**Task directions**
For each line below, check for the word "linetype", then state how many lines contain it, with no other output.

### Records supplied ###

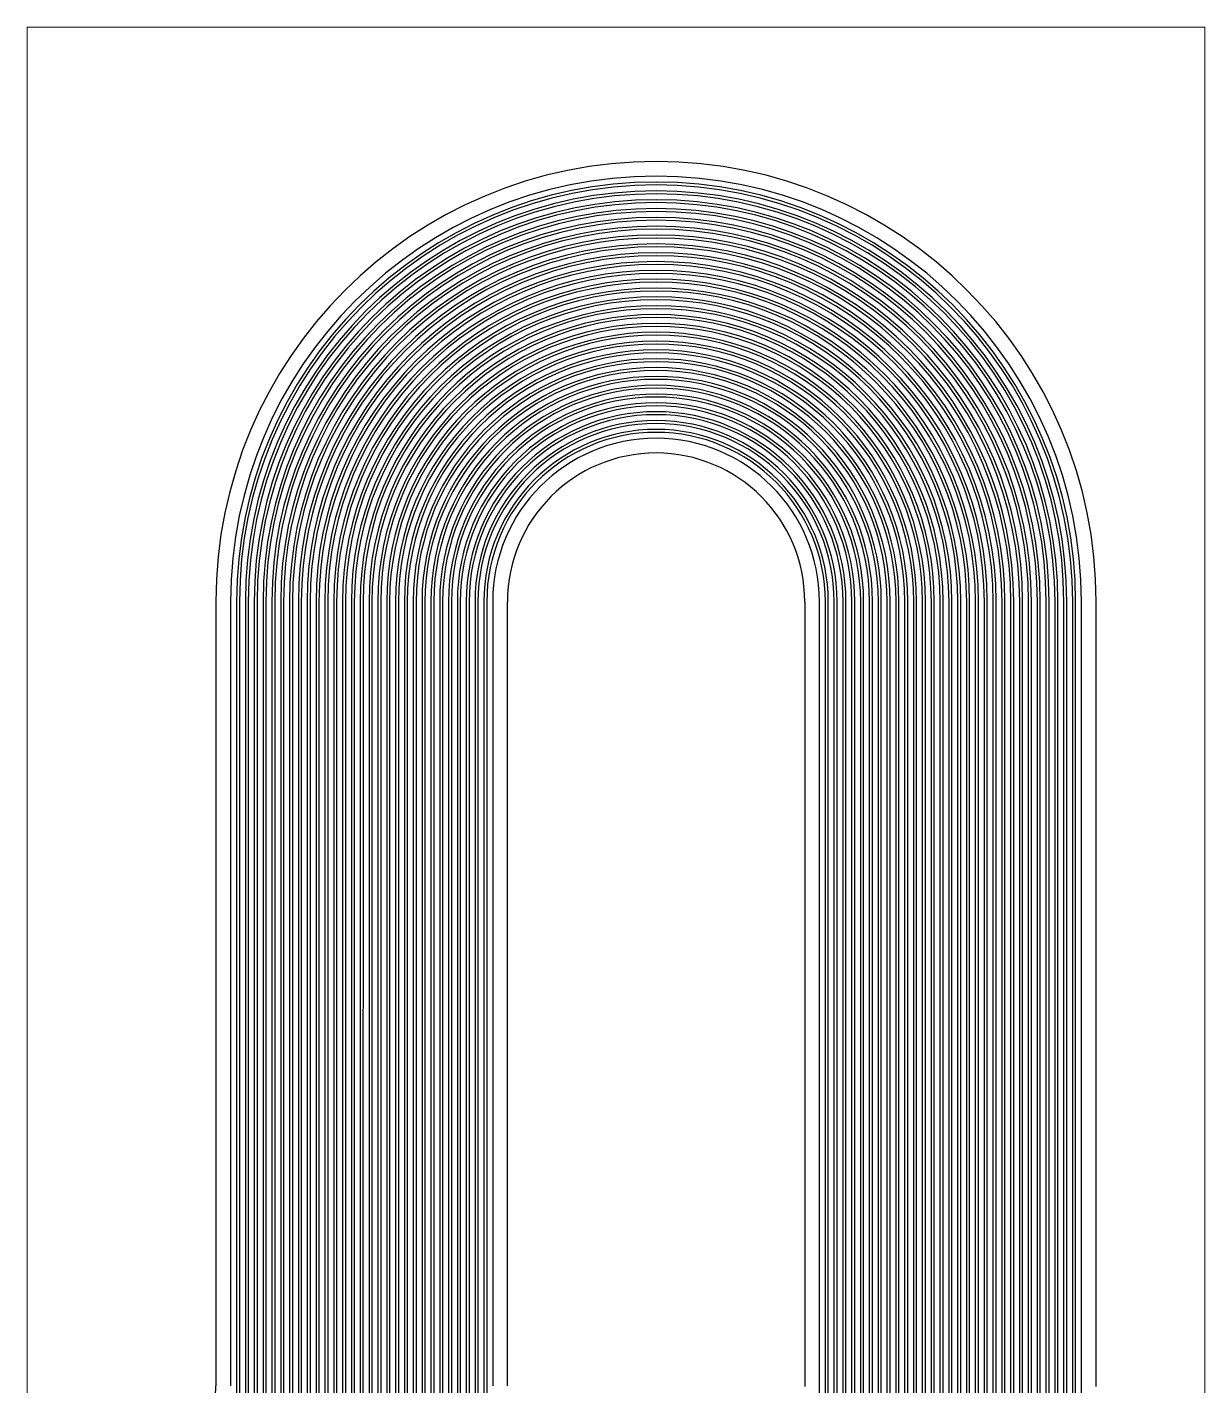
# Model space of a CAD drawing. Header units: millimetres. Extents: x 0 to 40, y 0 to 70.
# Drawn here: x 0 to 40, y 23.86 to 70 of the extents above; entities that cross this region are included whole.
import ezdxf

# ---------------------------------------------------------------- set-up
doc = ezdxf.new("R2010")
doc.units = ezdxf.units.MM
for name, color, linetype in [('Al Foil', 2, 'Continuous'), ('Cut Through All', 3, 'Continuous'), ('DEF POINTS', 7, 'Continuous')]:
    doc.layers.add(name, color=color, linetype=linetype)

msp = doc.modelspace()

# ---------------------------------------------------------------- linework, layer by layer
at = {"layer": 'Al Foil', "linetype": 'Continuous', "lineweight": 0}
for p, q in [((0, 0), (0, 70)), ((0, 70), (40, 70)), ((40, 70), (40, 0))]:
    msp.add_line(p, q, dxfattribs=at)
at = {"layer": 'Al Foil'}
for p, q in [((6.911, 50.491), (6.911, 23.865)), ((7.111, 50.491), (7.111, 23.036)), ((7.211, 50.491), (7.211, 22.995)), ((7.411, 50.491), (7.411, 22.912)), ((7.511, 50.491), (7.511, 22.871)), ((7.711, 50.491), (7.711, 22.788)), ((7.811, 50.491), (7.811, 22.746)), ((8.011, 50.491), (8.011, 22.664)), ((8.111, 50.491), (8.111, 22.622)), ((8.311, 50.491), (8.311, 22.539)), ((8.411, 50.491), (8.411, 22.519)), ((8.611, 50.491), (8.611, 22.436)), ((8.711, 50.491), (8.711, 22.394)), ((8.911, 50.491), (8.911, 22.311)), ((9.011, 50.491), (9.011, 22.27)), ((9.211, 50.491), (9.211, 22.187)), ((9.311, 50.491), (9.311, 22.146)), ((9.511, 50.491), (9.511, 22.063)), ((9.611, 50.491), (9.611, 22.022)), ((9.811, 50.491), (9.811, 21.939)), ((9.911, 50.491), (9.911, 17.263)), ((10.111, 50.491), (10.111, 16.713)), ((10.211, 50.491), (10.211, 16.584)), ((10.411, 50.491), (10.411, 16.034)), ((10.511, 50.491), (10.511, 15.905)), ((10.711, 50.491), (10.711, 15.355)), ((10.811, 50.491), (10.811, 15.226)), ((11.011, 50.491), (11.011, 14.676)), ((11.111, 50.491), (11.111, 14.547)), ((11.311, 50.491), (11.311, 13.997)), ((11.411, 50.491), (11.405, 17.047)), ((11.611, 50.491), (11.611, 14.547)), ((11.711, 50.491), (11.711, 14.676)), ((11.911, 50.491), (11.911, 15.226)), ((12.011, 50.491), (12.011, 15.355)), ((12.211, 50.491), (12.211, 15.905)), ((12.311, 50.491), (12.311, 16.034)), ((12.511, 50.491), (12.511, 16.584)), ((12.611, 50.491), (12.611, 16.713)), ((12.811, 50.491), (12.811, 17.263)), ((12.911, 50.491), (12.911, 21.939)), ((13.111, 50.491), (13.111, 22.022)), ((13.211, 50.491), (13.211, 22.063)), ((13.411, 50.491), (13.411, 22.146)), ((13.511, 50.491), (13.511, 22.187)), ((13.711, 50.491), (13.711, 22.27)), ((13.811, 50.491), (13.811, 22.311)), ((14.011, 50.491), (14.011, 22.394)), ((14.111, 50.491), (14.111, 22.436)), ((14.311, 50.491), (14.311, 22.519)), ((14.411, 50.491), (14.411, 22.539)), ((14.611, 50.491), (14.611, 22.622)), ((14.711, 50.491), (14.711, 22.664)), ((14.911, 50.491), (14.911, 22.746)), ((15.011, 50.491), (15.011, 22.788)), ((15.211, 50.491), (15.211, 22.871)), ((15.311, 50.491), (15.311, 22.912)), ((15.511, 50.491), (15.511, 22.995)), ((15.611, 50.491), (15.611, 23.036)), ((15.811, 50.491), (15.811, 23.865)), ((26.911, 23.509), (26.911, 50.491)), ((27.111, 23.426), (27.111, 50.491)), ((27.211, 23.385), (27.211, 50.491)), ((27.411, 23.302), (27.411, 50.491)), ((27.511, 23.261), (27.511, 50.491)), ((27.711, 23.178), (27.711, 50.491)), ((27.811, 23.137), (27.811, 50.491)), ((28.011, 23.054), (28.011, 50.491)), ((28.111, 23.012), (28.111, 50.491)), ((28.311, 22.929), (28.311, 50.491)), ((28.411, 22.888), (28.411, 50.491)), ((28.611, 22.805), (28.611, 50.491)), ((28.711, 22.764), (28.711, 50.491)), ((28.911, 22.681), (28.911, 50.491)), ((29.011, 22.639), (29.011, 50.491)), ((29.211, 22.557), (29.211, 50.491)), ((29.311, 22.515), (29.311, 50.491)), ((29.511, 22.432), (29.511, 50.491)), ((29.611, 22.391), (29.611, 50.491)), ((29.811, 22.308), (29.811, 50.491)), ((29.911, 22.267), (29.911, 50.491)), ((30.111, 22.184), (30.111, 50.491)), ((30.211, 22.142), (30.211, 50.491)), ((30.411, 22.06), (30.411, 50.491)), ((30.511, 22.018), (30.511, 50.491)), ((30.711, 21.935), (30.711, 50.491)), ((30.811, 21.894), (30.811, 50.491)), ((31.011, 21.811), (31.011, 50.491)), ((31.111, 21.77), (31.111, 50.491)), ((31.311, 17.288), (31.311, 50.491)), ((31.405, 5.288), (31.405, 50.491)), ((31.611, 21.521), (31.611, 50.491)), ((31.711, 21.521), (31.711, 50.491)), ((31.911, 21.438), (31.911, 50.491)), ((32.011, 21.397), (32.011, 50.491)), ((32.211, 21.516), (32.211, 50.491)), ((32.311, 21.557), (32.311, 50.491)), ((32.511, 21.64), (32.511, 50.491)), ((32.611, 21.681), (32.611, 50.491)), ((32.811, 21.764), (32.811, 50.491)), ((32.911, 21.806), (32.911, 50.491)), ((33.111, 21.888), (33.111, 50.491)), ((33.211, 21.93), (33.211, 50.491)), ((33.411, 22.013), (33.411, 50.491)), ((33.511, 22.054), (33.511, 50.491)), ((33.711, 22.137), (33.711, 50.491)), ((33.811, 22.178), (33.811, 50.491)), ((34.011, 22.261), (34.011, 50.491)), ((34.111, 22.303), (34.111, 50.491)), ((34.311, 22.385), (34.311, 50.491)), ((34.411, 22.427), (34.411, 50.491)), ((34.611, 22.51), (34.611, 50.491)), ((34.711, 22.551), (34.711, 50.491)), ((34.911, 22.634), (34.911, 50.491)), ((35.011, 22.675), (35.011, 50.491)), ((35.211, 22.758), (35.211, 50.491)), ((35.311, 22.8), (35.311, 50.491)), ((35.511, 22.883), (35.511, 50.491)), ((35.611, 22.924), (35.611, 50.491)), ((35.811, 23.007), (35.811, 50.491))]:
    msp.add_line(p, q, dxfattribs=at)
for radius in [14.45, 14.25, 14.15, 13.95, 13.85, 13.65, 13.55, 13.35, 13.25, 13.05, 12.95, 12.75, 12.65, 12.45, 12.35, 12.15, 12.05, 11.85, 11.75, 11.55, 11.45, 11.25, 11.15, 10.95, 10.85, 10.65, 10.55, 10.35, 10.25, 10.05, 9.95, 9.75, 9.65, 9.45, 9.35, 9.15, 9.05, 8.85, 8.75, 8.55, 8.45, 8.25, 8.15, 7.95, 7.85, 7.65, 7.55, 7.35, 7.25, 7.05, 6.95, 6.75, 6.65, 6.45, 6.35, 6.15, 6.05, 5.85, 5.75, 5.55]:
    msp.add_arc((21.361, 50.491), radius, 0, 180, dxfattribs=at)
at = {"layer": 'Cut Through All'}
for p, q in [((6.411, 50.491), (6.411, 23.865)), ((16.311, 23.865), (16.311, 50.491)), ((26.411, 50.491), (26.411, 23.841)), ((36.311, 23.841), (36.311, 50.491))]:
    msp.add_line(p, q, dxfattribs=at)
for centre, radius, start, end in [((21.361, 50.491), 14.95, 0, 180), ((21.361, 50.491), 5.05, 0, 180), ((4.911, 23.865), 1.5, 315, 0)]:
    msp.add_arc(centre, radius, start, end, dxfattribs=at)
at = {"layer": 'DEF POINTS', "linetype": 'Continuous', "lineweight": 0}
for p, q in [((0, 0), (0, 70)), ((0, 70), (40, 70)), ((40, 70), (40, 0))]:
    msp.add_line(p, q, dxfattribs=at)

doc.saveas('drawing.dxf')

###

**Output below**
4